WORK REQUIRED →
Please return every line in the entries below with the word "color" in it.

(Dataset excerpts)
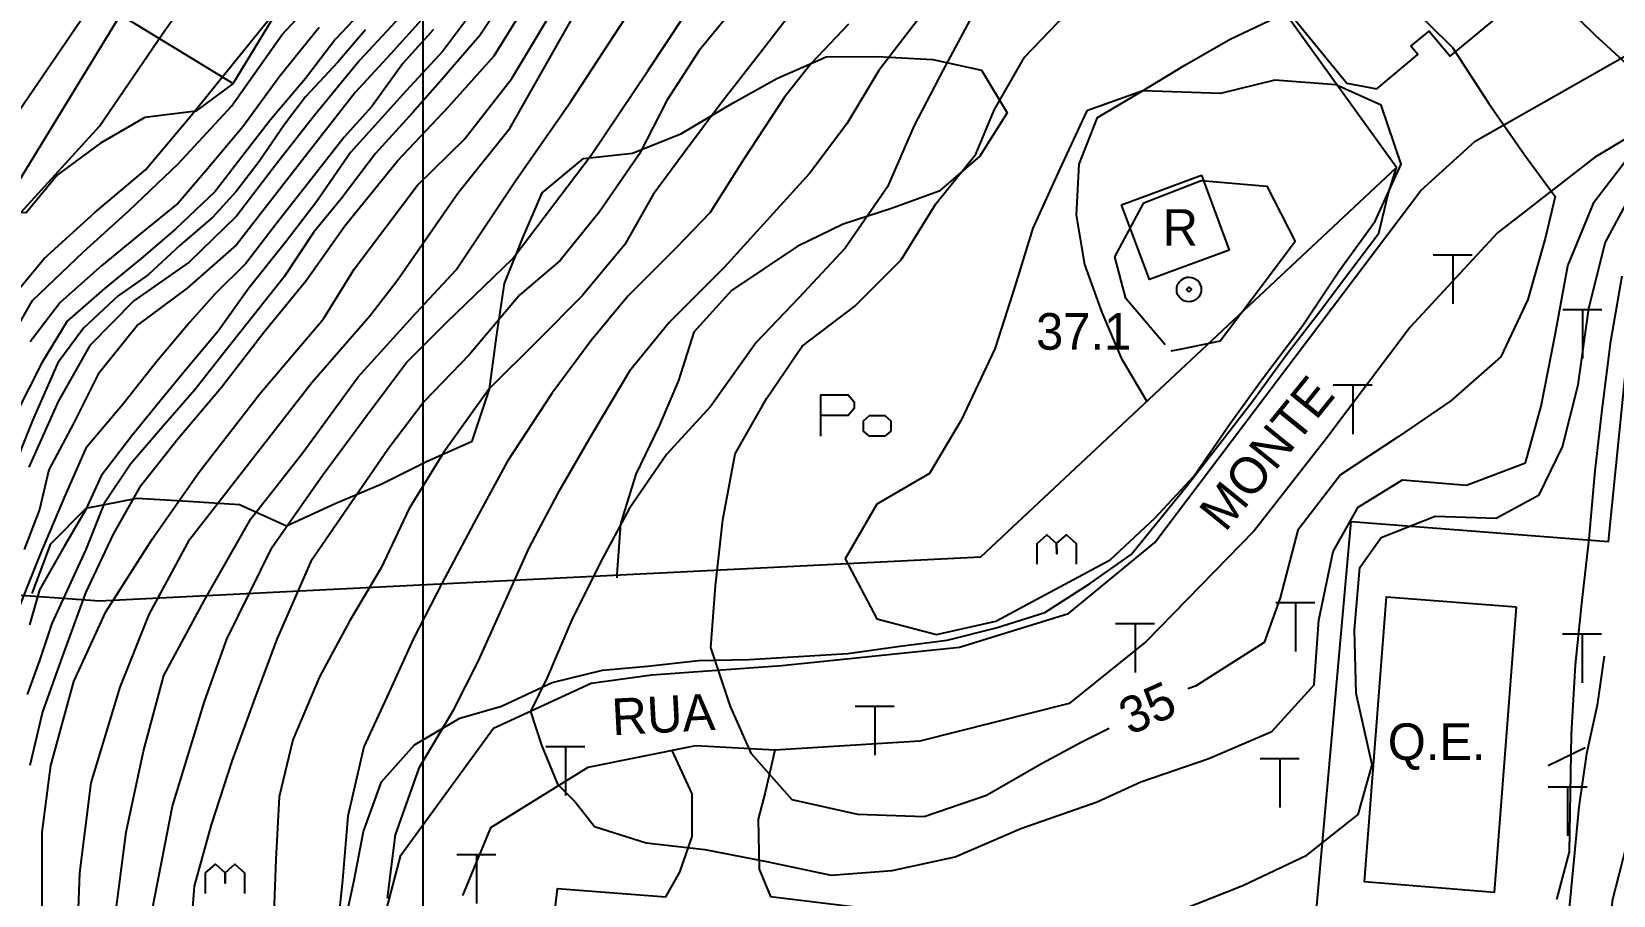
# Model space of a CAD drawing. Extents: x 555347 to 556479, y 8560498 to 8561653.
# Drawn here: x 555567.9 to 555697.7, y 8561107.8 to 8561178.6 of the extents above; entities that cross this region are included whole.
import ezdxf

# ---------------------------------------------------------------- set-up
doc = ezdxf.new("R2010")
doc.units = 0
doc.header["$MEASUREMENT"] = 0
for name, color, linetype in [('10', 24, 'CONTINUOUS'), ('12', 3, 'CONTINUOUS'), ('14', 3, 'CONTINUOUS'), ('21', 4, 'CONTINUOUS'), ('30', 2, 'CONTINUOUS'), ('38', 255, 'CONTINUOUS'), ('4', 255, 'CONTINUOUS'), ('44', 255, 'CONTINUOUS'), ('5', 1, 'CONTINUOUS'), ('50', 255, 'CONTINUOUS'), ('6', 2, 'CONTINUOUS'), ('7', 42, 'CONTINUOUS')]:
    doc.layers.add(name, color=color, linetype=linetype)

# ---------------------------------------------------------------- blocks, each defined once
blk = doc.blocks.new('COD007', base_point=(556370.32, 8561240.38))
at = {"layer": '4'}
for points in [[(556370.316, 8561241.3956), (556370.5168, 8561241.3792), (556370.7156, 8561241.318), (556370.9212, 8561241.2012), (556371.1236, 8561241.0072), (556371.2452, 8561240.7848), (556371.3152, 8561240.5864), (556371.3332, 8561240.3828), (556371.314, 8561240.188), (556371.2436, 8561239.9836), (556371.1232, 8561239.7764), (556370.9232, 8561239.5776), (556370.718, 8561239.4492), (556370.5176, 8561239.396), (556370.3128, 8561239.3792), (556370.108, 8561239.3984), (556369.9132, 8561239.4596), (556369.7048, 8561239.5812), (556369.5112, 8561239.7812), (556369.3808, 8561239.9844), (556369.3248, 8561240.184), (556369.3128, 8561240.386), (556369.3268, 8561240.5876), (556369.38, 8561240.79), (556369.5116, 8561240.9964), (556369.7064, 8561241.1968), (556369.9148, 8561241.3292), (556370.1204, 8561241.3896)], [(556370.32, 8561240.18), (556370.12, 8561240.38), (556370.32, 8561240.58), (556370.52, 8561240.38)]]:
    blk.add_lwpolyline(points, close=True, dxfattribs=at)
blk = doc.blocks.new('COD145', base_point=(556073.85, 8561331.96))
at = {"layer": '30'}
blk.add_lwpolyline([(556070.85, 8561330.26), (556070.85, 8561333.66), (556073.1, 8561333.66), (556073.6, 8561333.093333), (556073.6, 8561332.526667), (556073.1, 8561331.96), (556070.85, 8561331.96)], dxfattribs=at)
blk.add_lwpolyline([(556076.094992, 8561330.257162), (556074.844992, 8561330.257162), (556074.344992, 8561330.682162), (556074.344992, 8561331.532162), (556074.844992, 8561331.957162), (556076.094992, 8561331.957162), (556076.594992, 8561331.532162), (556076.594992, 8561330.682162)], close=True, dxfattribs=at)
blk = doc.blocks.new('COD140', base_point=(555924.61, 8561329.59))
at = {"layer": '30'}
blk.add_lwpolyline([(555923.01, 8561327.89), (555923.01, 8561329.59), (555923.81, 8561330.298333), (555924.607333, 8561329.587167), (555924.61, 8561328.74), (555924.607333, 8561329.587167), (555925.41, 8561330.298333), (555926.207333, 8561329.587167), (555926.21, 8561327.89)], dxfattribs=at)
blk = doc.blocks.new('COD013', base_point=(555984.05, 8561208.14))
at = {"layer": '50'}
for p, q in [((555985.645993, 8561212.14), (555982.445993, 8561212.14)), ((555984.0524, 8561212.1364), (555984.0524, 8561208.1444))]:
    blk.add_line(p, q, dxfattribs=at)

msp = doc.modelspace()

# ---------------------------------------------------------------- linework, layer by layer
at = {"layer": '10'}
for points in [[(555566.12, 8561186.01, 19.14), (555551.74, 8561151.45, 14.01), (555551.13, 8561146.59, 14.05), (555551.18, 8561142.85, 14.09), (555551.31, 8561139.76, 13.07), (555552.15, 8561135.07, 13.11), (555554.1, 8561133.27, 13.81), (555569.35, 8561132.2, 26.76), (555573.48, 8561131.92, 28.25), (555645.78, 8561135.53, 38.03), (555679.87, 8561167.47, 38.18), (555634.36, 8561230.66, 21.46), (555619.48, 8561259.03, 20.52), (555618.88, 8561261.76, 20.52), (555619.71, 8561266, 20.52), (555622.65, 8561268.57, 25.17)], [(555699.02, 8561112.95, 34.32), (555697.57, 8561107.3, 34.31), (555697.05, 8561099.55, 34.21), (555672.89, 8561102, 34.65), (555676.16, 8561138.42, 34.7), (555697.26, 8561136.77, 34.51), (555699.96, 8561163.59, 33.36), (555718.55, 8561161.59, 33.52), (555715.19, 8561126.08, 34.6), (555714.28, 8561123.09, 34.31)]]:
    msp.add_polyline3d(points, dxfattribs=at)
at = {"layer": '12'}
for points in [[(555595.56, 8561100.98, 33.1), (555598.19, 8561111.05, 33.96), (555605.79, 8561121.46, 34.55), (555613.81, 8561125.16, 35), (555618.79, 8561125.83, 35.29), (555629.45, 8561126.6, 36.05), (555644.04, 8561128.1, 36.42), (555652.97, 8561130.86, 36.78), (555660.06, 8561136.7, 36.53), (555681.87, 8561165.57, 36.24), (555686.33, 8561169.61, 35.57), (555702.02, 8561178.53, 34.46)], [(555703.29, 8561172.58, 34.71), (555696.13, 8561168.28, 35.42), (555688.16, 8561162.09, 35.81), (555681.01, 8561154.35, 36.04), (555674.09, 8561145.16, 36.25), (555668.19, 8561137.66, 36.25), (555659.33, 8561128.57, 36.31), (555653.02, 8561123.48, 36.29), (555640.78, 8561120.41, 36.15), (555628.88, 8561119.66, 35.52), (555622.36, 8561120.01, 34.9), (555613.54, 8561118.25, 34.62), (555605.55, 8561113.3, 34.4), (555603.25, 8561107.74, 33.78)]]:
    msp.add_polyline3d(points, dxfattribs=at)
at = {"layer": '14'}
for points in [[(555696.9, 8561127.37, 31.02), (555696.34, 8561123.36, 31.13), (555695.47, 8561119.37, 32.17), (555694.84, 8561115.02, 32.51), (555694.41, 8561110.66, 32.57), (555693.95, 8561105.85, 32.61), (555693.63, 8561101.83, 32.65), (555693.56, 8561101.48, 32.65)], [(555628.88, 8561119.66, 35.52), (555628.08, 8561116.2, 35.05), (555627.51, 8561113.99, 34.83), (555627.59, 8561109.9, 34.48), (555628.52, 8561107.65, 34.09), (555655.87, 8561104.32, 33.85), (555653.16, 8561085.58, 32.53), (555608.86, 8561089.03, 33.26), (555611.05, 8561108.3, 34.2), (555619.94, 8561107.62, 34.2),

RESPONSE TO THIS TASK →
for name, color, linetype in [('10', 24, 'CONTINUOUS'), ('12', 3, 'CONTINUOUS'), ('14', 3, 'CONTINUOUS'), ('21', 4, 'CONTINUOUS'), ('30', 2, 'CONTINUOUS'), ('38', 255, 'CONTINUOUS'), ('4', 255, 'CONTINUOUS'), ('44', 255, 'CONTINUOUS'), ('5', 1, 'CONTINUOUS'), ('50', 255, 'CONTINUOUS'), ('6', 2, 'CONTINUOUS'), ('7', 42, 'CONTINUOUS')]:
    doc.layers.add(name, color=color, linetype=linetype)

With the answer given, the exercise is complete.